# Kansas???



## Deer_Love (Apr 16, 2016)

Does anyone know if there's an Anthrocon of any kind in Kansas? If there isn't one, wHY--


----------



## Lasvicus (Apr 16, 2016)

Isnt Smallville in Kansas?


----------



## Deer_Love (Apr 17, 2016)

Lasvicus said:


> Isnt Smallville in Kansas?


It existed for a day because of Superman but no there is no Smallville, KS q-q


----------



## Lasvicus (Apr 17, 2016)

Deer_Love said:


> It existed for a day because of Superman but no there is no Smallville, KS q-q


Bullshit >x>


----------



## Deer_Love (Apr 17, 2016)

No I'm telling you I just looked it up too! Superman was apparently raised there or something and so Kansas is like "well hell lets make it a town for a day because yee" <x<


----------



## Simo (Apr 17, 2016)

I did some searching, and I did come across a con that's coming up this September, in Wichita:

Central Plains Fur Con:

Some contact info, and such:

www.cpfurcon.com: Central Plains Fur Con - Home

Userpage of centralplainsfurcon -- Fur Affinity [dot] net

Hope this helps!


----------



## Lasvicus (Apr 17, 2016)

Deer_Love said:


> No I'm telling you I just looked it up too! Superman was apparently raised there or something and so Kansas is like "well hell lets make it a town for a day because yee" <x<


But, he WAS raised there.  If he wasnt, why tf would they be making a documentary about his feud with BatMan?


----------



## Deer_Love (Apr 17, 2016)

Lasvicus said:


> Bullshit >x>


Sorry forgot to push reply really new to this -~-



Simo said:


> I did some searching, and I did come across a con that's coming up this September, in Wichita:
> 
> Central Plains Fur Con:
> 
> ...



Oh thank you so much! QvQ This helps a ton! I hope this doesnt screw up my schedule for renfest tho..


----------



## Deer_Love (Apr 17, 2016)

Lasvicus said:


> But, he WAS raised there.  If he wasnt, why tf would they be making a documentary about his feud with BatMan?

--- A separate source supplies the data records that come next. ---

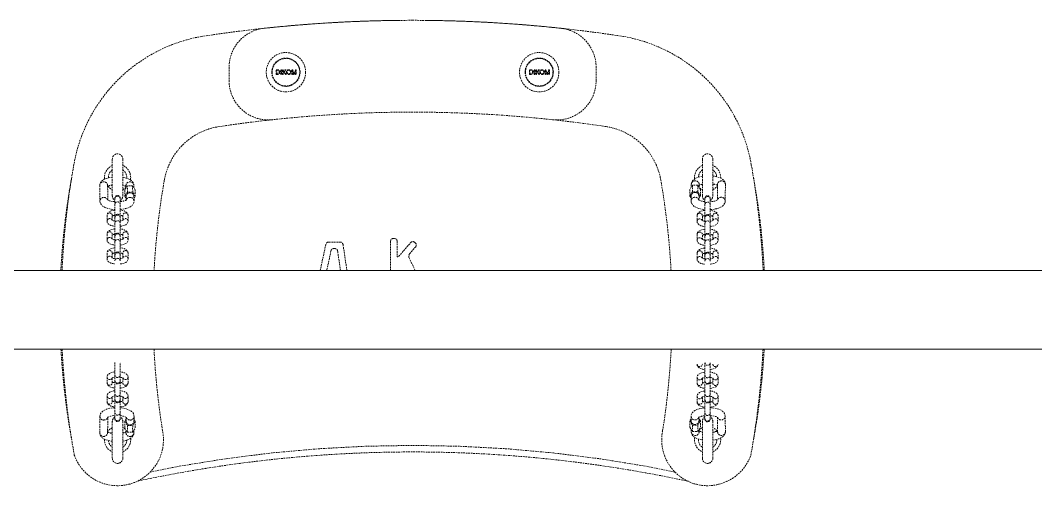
# Model space of a CAD drawing. Header units: millimetres. Extents: x -4452 to 2716, y -4985 to 3761.
# Drawn here: x 1168 to 1942, y 17 to 371 of the extents above; entities that cross this region are included whole.
import ezdxf

# ---------------------------------------------------------------- set-up
doc = ezdxf.new("R2010")
doc.units = ezdxf.units.MM
doc.linetypes.add('HIDDEN', pattern=[1.905, 1.27, -0.635])
doc.layers.add('DIKOM_ОБЪЕКТ', color=7, linetype='Continuous')

msp = doc.modelspace()

# ---------------------------------------------------------------- linework, layer by layer
at = {"layer": 'DIKOM_ОБЪЕКТ', "color": 7, "linetype": 'HIDDEN', "lineweight": 15}
for p, q in [((1326.782, 335.563), (1326.782, 325.523)), ((1362.654, 333.777), (1363.868, 333.777)), ((1362.654, 330.277), (1362.654, 333.777)), ((1363.108, 330.686), (1363.108, 333.367)), ((1363.108, 333.367), (1363.861, 333.367)), ((1366.244, 333.777), (1366.699, 333.777)), ((1366.244, 330.277), (1366.244, 333.777)), ((1366.699, 333.777), (1366.699, 330.277)), ((1367.517, 333.777), (1367.972, 333.777)), ((1367.517, 330.277), (1367.517, 333.777)), ((1367.972, 333.777), (1367.972, 332.102)), ((1369.764, 333.777), (1370.404, 333.777)), ((1374.608, 333.777), (1375.316, 333.777)), ((1374.608, 330.277), (1374.608, 333.777)), ((1375.063, 333.252), (1375.063, 330.277)), ((1375.077, 333.252), (1375.063, 333.252)), ((1376.053, 330.277), (1375.077, 333.252)), ((1375.316, 333.777), (1376.144, 331.3)), ((1376.5, 331.343), (1377.341, 333.777)), ((1377.508, 333.203), (1376.512, 330.277)), ((1377.341, 333.777), (1377.972, 333.777)), ((1377.517, 333.203), (1377.508, 333.203)), ((1377.517, 330.277), (1377.517, 333.203)), ((1377.972, 333.777), (1377.972, 330.277)), ((1555.835, 333.777), (1557.049, 333.777)), ((1555.835, 330.277), (1555.835, 333.777)), ((1556.289, 330.686), (1556.289, 333.367)), ((1556.289, 333.367), (1557.042, 333.367)), ((1559.426, 333.777), (1559.88, 333.777)), ((1559.426, 330.277), (1559.426, 333.777)), ((1559.88, 333.777), (1559.88, 330.277)), ((1560.699, 333.777), (1561.153, 333.777)), ((1560.699, 330.277), (1560.699, 333.777)), ((1561.153, 333.777), (1561.153, 332.102)), ((1562.945, 333.777), (1563.585, 333.777)), ((1567.789, 333.777), (1568.498, 333.777)), ((1567.789, 330.277), (1567.789, 333.777)), ((1568.244, 333.252), (1568.244, 330.277)), ((1568.258, 333.252), (1568.244, 333.252)), ((1569.234, 330.277), (1568.258, 333.252)), ((1568.498, 333.777), (1569.325, 331.3)), ((1569.681, 331.343), (1570.522, 333.777)), ((1570.689, 333.203), (1569.693, 330.277)), ((1570.522, 333.777), (1571.153, 333.777)), ((1570.699, 333.203), (1570.689, 333.203)), ((1570.699, 330.277), (1570.699, 333.203)), ((1571.153, 333.777), (1571.153, 330.277)), ((1606.725, 325.523), (1606.725, 335.563)), ((1363.921, 330.277), (1362.654, 330.277)), ((1363.876, 330.686), (1363.108, 330.686)), ((1366.699, 330.277), (1366.244, 330.277)), ((1367.972, 330.277), (1367.517, 330.277)), ((1367.972, 331.504), (1367.972, 330.277)), ((1370.438, 330.277), (1369.824, 330.277)), ((1375.063, 330.277), (1374.608, 330.277)), ((1376.512, 330.277), (1376.053, 330.277)), ((1376.303, 330.782), (1376.313, 330.782)), ((1377.972, 330.277), (1377.517, 330.277)), ((1557.102, 330.277), (1555.835, 330.277)), ((1557.057, 330.686), (1556.289, 330.686)), ((1559.88, 330.277), (1559.426, 330.277)), ((1561.153, 330.277), (1560.699, 330.277)), ((1561.153, 331.504), (1561.153, 330.277)), ((1563.619, 330.277), (1563.005, 330.277)), ((1568.244, 330.277), (1567.789, 330.277)), ((1569.693, 330.277), (1569.234, 330.277)), ((1569.485, 330.782), (1569.494, 330.782)), ((1571.153, 330.277), (1570.699, 330.277)), ((1237.754, 265.617), (1237.754, 237.617)), ((1245.754, 237.617), (1245.754, 265.617)), ((1687.754, 265.617), (1687.754, 237.617)), ((1695.754, 237.617), (1695.754, 265.617)), ((1248.661, 251.035), (1248.754, 251.617)), ((1228.157, 245.514), (1228.325, 233.604)), ((1234.314, 234.43), (1234.157, 245.598)), ((1249.194, 245.344), (1247.181, 242.076)), ((1247.181, 242.076), (1247.249, 237.172)), ((1249.263, 240.44), (1247.249, 237.172)), ((1248.157, 245.542), (1248.183, 243.703)), ((1253.22, 245.35), (1249.194, 245.344)), ((1249.263, 240.44), (1249.194, 245.344)), ((1253.289, 240.446), (1249.263, 240.44)), ((1253.289, 240.446), (1253.22, 245.35)), ((1255.232, 242.087), (1253.22, 245.35)), ((1255.301, 237.183), (1253.289, 240.446)), ((1254.182, 243.789), (1254.157, 245.626)), ((1255.301, 237.183), (1255.232, 242.087)), ((1678.206, 237.469), (1678.275, 242.616)), ((1680.22, 240.706), (1678.206, 237.469)), ((1680.289, 245.854), (1678.275, 242.616)), ((1679.351, 246.324), (1679.323, 244.301)), ((1680.22, 240.706), (1680.289, 245.854)), ((1684.246, 240.698), (1680.22, 240.706)), ((1684.315, 245.845), (1680.289, 245.854)), ((1684.246, 240.698), (1684.315, 245.845)), ((1686.258, 237.451), (1684.246, 240.698)), ((1686.327, 242.598), (1684.315, 245.845)), ((1685.323, 244.218), (1685.35, 246.243)), ((1686.327, 242.598), (1686.258, 237.451)), ((1695.754, 245.904), (1696.448, 246.556)), ((1699.35, 246.281), (1699.192, 234.433)), ((1705.182, 233.701), (1705.35, 246.201)), ((1239.754, 235.915), (1239.754, 235.515)), ((1239.754, 235.515), (1239.754, 231.207)), ((1243.754, 235.515), (1243.754, 235.915)), ((1243.754, 231.207), (1243.754, 235.515)), ((1247.249, 237.172), (1248.299, 235.47)), ((1248.275, 237.135), (1248.314, 234.412)), ((1254.324, 233.717), (1254.275, 237.22)), ((1254.298, 235.556), (1255.301, 237.183)), ((1678.206, 237.469), (1679.21, 235.849)), ((1679.232, 237.5), (1679.183, 233.824)), ((1685.192, 234.43), (1685.232, 237.42)), ((1685.21, 235.766), (1686.258, 237.451)), ((1689.754, 235.715), (1689.754, 235.315)), ((1689.754, 235.315), (1689.754, 231.008)), ((1693.754, 235.315), (1693.754, 235.715)), ((1693.754, 231.008), (1693.754, 235.315)), ((1239.754, 231.207), (1239.754, 221.556)), ((1243.754, 221.556), (1243.754, 231.207)), ((1689.754, 231.008), (1689.754, 221.356)), ((1693.754, 221.356), (1693.754, 231.008)), ((1233.754, 222.735), (1233.754, 218.427)), ((1237.754, 218.974), (1237.754, 222.735)), ((1239.754, 221.556), (1239.754, 221.156)), ((1239.754, 221.156), (1239.754, 216.848)), ((1239.754, 216.848), (1239.754, 207.196)), ((1243.754, 221.156), (1243.754, 221.556)), ((1243.754, 216.848), (1243.754, 221.156)), ((1243.754, 207.196), (1243.754, 216.848)), ((1245.754, 222.735), (1245.755, 222.795)), ((1245.754, 222.735), (1245.754, 218.971)), ((1249.754, 218.427), (1249.754, 222.735)), ((1683.754, 222.536), (1683.754, 218.228)), ((1687.754, 218.775), (1687.754, 222.536)), ((1689.754, 221.356), (1689.754, 220.956)), ((1689.754, 220.956), (1689.754, 216.649)), ((1693.754, 220.956), (1693.754, 221.356)), ((1693.754, 216.649), (1693.754, 220.956)), ((1695.754, 222.536), (1695.754, 218.771)), ((1699.754, 218.228), (1699.754, 222.536)), ((1689.754, 216.649), (1689.754, 206.997)), ((1693.754, 206.997), (1693.754, 216.649)), ((1233.754, 208.376), (1233.754, 204.068)), ((1237.754, 204.615), (1237.754, 208.376)), ((1239.754, 207.196), (1239.754, 206.797)), ((1239.754, 206.797), (1239.754, 202.489)), ((1239.754, 202.489), (1239.754, 192.837)), ((1243.754, 206.797), (1243.754, 207.196)), ((1243.754, 202.489), (1243.754, 206.797)), ((1243.754, 192.837), (1243.754, 202.489)), ((1245.754, 208.376), (1245.755, 208.436)), ((1245.754, 208.376), (1245.754, 204.611)), ((1249.754, 204.068), (1249.754, 208.376)), ((1402.935, 202.428), (1411.409, 202.428)), ((1449.99, 180.642), (1449.99, 203.096)), ((1451.958, 205.063), (1452.944, 205.063)), ((1454.912, 203.096), (1454.912, 191.992)), ((1456.199, 191.512), (1465.391, 202.064)), ((1468.169, 202.266), (1468.914, 201.625)), ((1683.754, 208.177), (1683.754, 203.869)), ((1687.754, 204.415), (1687.754, 208.177)), ((1689.754, 206.997), (1689.754, 206.597)), ((1689.754, 206.597), (1689.754, 202.289)), ((1689.754, 202.289), (1689.754, 192.638)), ((1693.754, 206.597), (1693.754, 206.997)), ((1693.754, 202.289), (1693.754, 206.597)), ((1693.754, 192.638), (1693.754, 202.289)), ((1695.754, 208.177), (1695.754, 204.412)), ((1699.754, 203.869), (1699.754, 208.177)), ((1233.754, 194.017), (1233.754, 189.709)), ((1237.754, 190.256), (1237.754, 194.017)), ((1245.754, 194.017), (1245.755, 194.076)), ((1245.754, 194.017), (1245.754, 190.252)), ((1249.754, 189.709), (1249.754, 194.017)), ((1396.325, 180.642), (1400.53, 200.51)), ((1404.455, 195.589), (1401.333, 180.642)), ((1411.757, 180.642), (1409.567, 195.568)), ((1413.711, 200.489), (1416.696, 180.642)), ((1469.115, 198.849), (1464.54, 193.645)), ((1683.754, 193.817), (1683.754, 189.51)), ((1687.754, 190.056), (1687.754, 193.817)), ((1695.754, 193.817), (1695.754, 190.053)), ((1699.754, 189.51), (1699.754, 193.817)), ((1239.754, 192.837), (1239.754, 192.437)), ((1239.754, 192.437), (1239.754, 188.13)), ((1243.754, 192.437), (1243.754, 192.837)), ((1243.754, 188.13), (1243.754, 192.437)), ((1464.102, 190.379), (1468.764, 180.642)), ((1689.754, 192.638), (1689.754, 192.238)), ((1689.754, 192.238), (1689.754, 187.93)), ((1693.754, 192.238), (1693.754, 192.638)), ((1693.754, 187.93), (1693.754, 192.238)), ((403.943, 180.642), (2185.168, 180.642)), ((2185.168, 180.642), (646.777, 180.642)), ((2184.594, 120.642), (403.943, 120.642)), ((646.777, 120.642), (2184.594, 120.642)), ((1239.754, 110.596), (1239.754, 100.944)), ((1243.754, 100.944), (1243.754, 110.596)), ((1689.754, 110.396), (1689.754, 100.745)), ((1693.754, 100.745), (1693.754, 110.396)), ((1239.754, 100.944), (1239.754, 96.636)), ((1243.754, 96.636), (1243.754, 100.944)), ((1689.754, 100.745), (1689.754, 96.437)), ((1693.754, 96.437), (1693.754, 100.745)), ((1233.754, 99.365), (1233.754, 95.057)), ((1237.754, 95.057), (1237.754, 98.822)), ((1239.754, 96.636), (1239.754, 96.237)), ((1239.754, 96.237), (1239.754, 86.585)), ((1243.754, 96.237), (1243.754, 96.636)), ((1243.754, 86.585), (1243.754, 96.237)), ((1245.754, 98.818), (1245.754, 95.057)), ((1249.754, 95.057), (1249.754, 99.365)), ((1683.754, 99.165), (1683.754, 94.858)), ((1687.754, 94.858), (1687.753, 94.798)), ((1687.754, 94.858), (1687.754, 98.622)), ((1689.754, 96.437), (1689.754, 96.037)), ((1689.754, 96.037), (1689.754, 86.386)), ((1693.754, 96.037), (1693.754, 96.437)), ((1693.754, 86.386), (1693.754, 96.037)), ((1695.754, 98.619), (1695.754, 94.858)), ((1699.754, 94.858), (1699.754, 99.165)), ((1239.754, 86.585), (1239.754, 82.277)), ((1243.754, 82.277), (1243.754, 86.585)), ((1689.754, 86.386), (1689.754, 82.078)), ((1693.754, 82.078), (1693.754, 86.386)), ((1233.754, 85.006), (1233.754, 80.698)), ((1237.754, 80.698), (1237.754, 84.462)), ((1239.754, 82.277), (1239.754, 81.877)), ((1239.754, 81.877), (1239.754, 72.226)), ((1243.754, 81.877), (1243.754, 82.277)), ((1243.754, 72.226), (1243.754, 81.877)), ((1245.754, 84.459), (1245.754, 80.698)), ((1249.754, 80.698), (1249.754, 85.006)), ((1683.754, 84.806), (1683.754, 80.498)), ((1687.754, 80.498), (1687.753, 80.439)), ((1687.754, 80.498), (1687.754, 84.263)), ((1689.754, 82.078), (1689.754, 81.678)), ((1689.754, 81.678), (1689.754, 72.026)), ((1693.754, 81.678), (1693.754, 82.078)), ((1693.754, 72.026), (1693.754, 81.678)), ((1695.754, 84.26), (1695.754, 80.498)), ((1699.754, 80.498), (1699.754, 84.806)), ((1239.754, 72.226), (1239.754, 67.918)), ((1243.754, 67.918), (1243.754, 72.226)), ((1689.754, 72.026), (1689.754, 67.719)), ((1693.754, 67.719), (1693.754, 72.026)), ((1228.325, 69.533), (1228.157, 57.033)), ((1234.157, 56.953), (1234.316, 68.8)), ((1237.754, 65.617), (1237.754, 37.617)), ((1239.754, 67.918), (1239.754, 67.518)), ((1243.754, 67.518), (1243.754, 67.918)), ((1245.754, 37.617), (1245.754, 65.617)), ((1247.181, 60.635), (1247.249, 65.782)), ((1248.298, 67.467), (1247.249, 65.782)), ((1247.249, 65.782), (1249.261, 62.536)), ((1248.315, 68.804), (1248.275, 65.814)), ((1249.261, 62.536), (1249.192, 57.389)), ((1249.261, 62.536), (1253.287, 62.527)), ((1253.287, 62.527), (1253.218, 57.38)), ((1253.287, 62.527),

True true-- Its just weird we had an entire town for a day _because _of Superman xb


----------



## Varaleo (May 17, 2016)

Deer_Love said:


> Sorry forgot to push reply really new to this -~-
> 
> 
> 
> Oh thank you so much! QvQ This helps a ton! I hope this doesnt screw up my schedule for renfest tho..



Forgive me here but I work with the Staff of CPFC and as of May 9th CPFC was cancelled. 

Here was the official announcement: 
"The convention is officially canceled. The decision was made this weekend that we can't afford it anymore. In fact we haven't really been able to afford it for almost 3 years now. But we kept hoping that would change, but attendance hasn't got any better. So it's in our best interest to cancel the convention. Maybe in a couple years we can start a new and try it from a different angle and lots more planning.
We do apologize to those who really like going and encourage those who do, to stay active as we will focus on the campout so there is still something local for the furs of this area.
And we are hoping that Spingdragon will be our GOH for CPFM 2017.
That way none of the art will be a loss. We can just roll the theme over to the campout and use the existing art. Again we are sorry, and maybe we can hope to see you all be a part of the local yearly campout."


----------



## tako_cyanide (May 17, 2016)

Hi! Another Kansas fur here! I recently learned that CPFC was a thing! So sorry it was cancelled. It's so close to where I live too!


----------



## Deer_Love (May 18, 2016)

tako_cyanide said:


> Hi! Another Kansas fur here! I recently learned that CPFC was a thing! So sorry it was cancelled. It's so close to where I live too!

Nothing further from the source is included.